Extracted records:
────

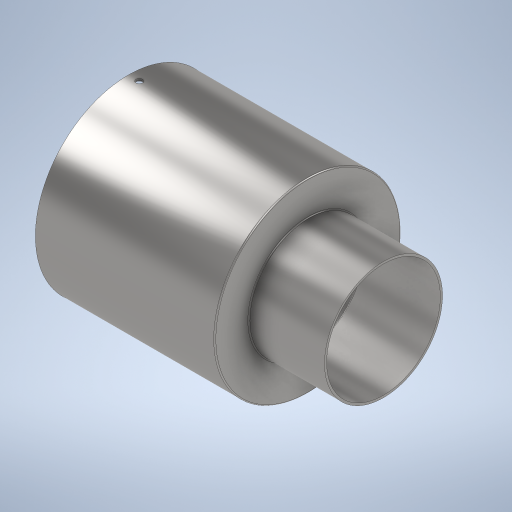
# Autodesk Inventor part: new outer wall
Saved by Autodesk Inventor 2023 (Build 270158000, 158)
## iProperties
Created: 2022-07-21
Part Number: new outer wall
Material: Stainless Steel
Document SubType Name: Modeling
Designer: station
Density: 8 g/cm^3
Appearance: Semi-Polished
Author: station
Autodesk Inventor part; units mm, degrees
ref_plane "YZ Plane" through (0, 0, 0) normal (1, 0, 0) x (0, 1, 0)
ref_plane "XY Plane" through (0, 0, 0) normal (0, 0, 1) x (1, 0, 0)
sketch "Sketch1" plane through (0, 0, 0) normal (0, 0, 1) x (1, 0, 0)
  line L0 (123.3912, 50.0622) -> (166.724, 25.044)
  line L1 (0, 3.5755) -> (319.1694, 3.5755)
  arc A0 (166.724, 25.044) -> (180.1312, 21.4516) centre (180.1312, 48.266) ccw
  arc A1 (180.0109, 21.4009) -> (182.0644, 21.7169) centre (180.0109, 28.2296) ccw
  line L2 (182.0644, 21.7169) -> (236.9947, 39.0364)
  arc A2 (123.3912, 50.0622) -> (30.0219, 75.0805) centre (30.0219, -111.6581) ccw
  line L3 (0, 75.0805) -> (30.0219, 75.0805)
  line L4 (180.1312, 33.0516) -> (237.115, 51.0185) construction
  line L5 (180.1312, 33.0516) -> (239.8803, 33.0516) construction
  line L6 (236.9947, 39.0364) -> (236.9947, 56.4) construction
  line L7 (180.1312, 33.0516) -> (180.1312, -12.2002)
  line L8 (180.0109, 33.433) -> (236.9947, 51.4)
  line L9 (236.9947, 51.4) -> (245.43, 54.0596)
  line L10 (166.724, 25.044) -> (166.724, 51.4) construction
  line L11 (166.724, 59.4) -> (166.724, 100.6805) construction
  line L12 (0, 88.1055) -> (30.0219, 88.1055)
  line L13 (30.0219, 88.1055) -> (162.724, 88.1055)
  line L14 (165.724, 90.1055) -> (30.0219, 90.1055)
  line L15 (30.0219, 90.1055) -> (0, 90.1055)
  line L16 (165.724, 90.1055) -> (165.724, 90.1055)
  line L17 (166.724, 89.1055) -> (166.724, 58.4)
  line L18 (164.724, 57.4) -> (164.724, 87.1055)
  line L19 (162.724, 88.1055) -> (163.724, 88.1055)
  line L20 (0, 88.1055) -> (0, 90.1055)
  line L21 (236.9947, 51.4) -> (236.9947, 53.4)
  arc A3 (164.724, 87.1055) -> (163.724, 88.1055) centre (163.724, 87.1055) ccw
  arc A4 (166.724, 89.1055) -> (165.724, 90.1055) centre (165.724, 89.1055) ccw
  line L22 (165.724, 56.4) -> (236.9947, 56.4)
  line L23 (167.724, 58.4) -> (236.9947, 58.4)
  line L24 (236.9947, 51.4) -> (236.9947, 58.4)
  arc A5 (164.724, 57.4) -> (165.724, 56.4) centre (165.724, 57.4) ccw
  arc A6 (166.724, 59.4) -> (167.724, 58.4) centre (167.724, 59.4) ccw
  point P0 (0, 0)
  point P1 (0, 0)
  point P2 (166.724, 88.6805)
  point P3 (166.724, 62.8622)
  point P4 (166.724, 90.1055)
  point P5 (164.724, 88.1055)
  dimension "d0" = 30.0219
  dimension "d1" = 186.7386
  dimension "d2" = 0
  dimension "d3" = 0
  dimension "d4" = 71.505
  dimension "d5" = 17.5
  dimension "d6" = 54.9303
  dimension "d8" = 17.5
  dimension "d15" = 0.4
  dimension "d23" = 13.025
  dimension "d24" = 2
  dimension "d28" = 2
  dimension "d32" = 1
  dimension "d45" = 2
  dimension "d46" = 1
  dimension "d47" = 17.3636
  constraints: 50 end point, 14 point on circle, 11 point on line, 8 tangent, 7 centre point, 5 horizontal, 4 parallel, 4 vertical, 3 perpendicular, 2 equal radius, 1 collinear, 1 equal length
  measures "d0" distance of L3.start L3.end
  measures "d1" radius of A2
  measures "d2" distance of A2.end L3.end
  measures "d3" distance of L0.start A2.start
  measures "d4" distance between parallel lines of L1 L3
  measures "d5" angle of L1 L2
  measures "d6" horizontal distance of L2.start L6.start
  measures "d8" angle of L5 L4
  measures "d15" distance between parallel lines of L4 L8
  measures "d23" distance between parallel lines of L3 L12
  measures "d24" distance between parallel lines of L13 L14
  measures "d28" distance between parallel lines of L11 L18
  measures "d32" radius of A3
  measures "d45" distance between parallel lines of L22 L23
  measures "d46" radius of A5
  measures "d47" distance of L6.start L6.end
revolve "Revolution3" add sketch "Sketch1" angle 360 about axis through (0, 3.5755, 0) along (1, 0, 0)
ref_plane "Work Plane1" through (0, 100, 0) normal (0, 1, 0) x (-1, 0, 0)
sketch "Sketch3" plane through (0, 100, 0) normal (0, 1, 0) x (-1, 0, 0)
  line L0 (0, 0) -> (-10, 0)
  circle A0 centre (-10, 0) radius 3
  dimension "d39" = 10
  dimension "d40" = 6
  constraints: 2 end point, 1 centre point, 1 coincident, 1 horizontal
  measures "d39" distance of L0.start L0.end
  measures "d40" diameter of A0
extrude "Extrusion2" cut sketch "Sketch3" against normal through all
thread "Thread1" size "M6x1" class "6H" standard "ANSI Metric M Profile" full length
body "Solid3"

────

Instructions to follow:
Please count the lines in the records that hold the string "Inventor", and give the number alone.

Your solution:
3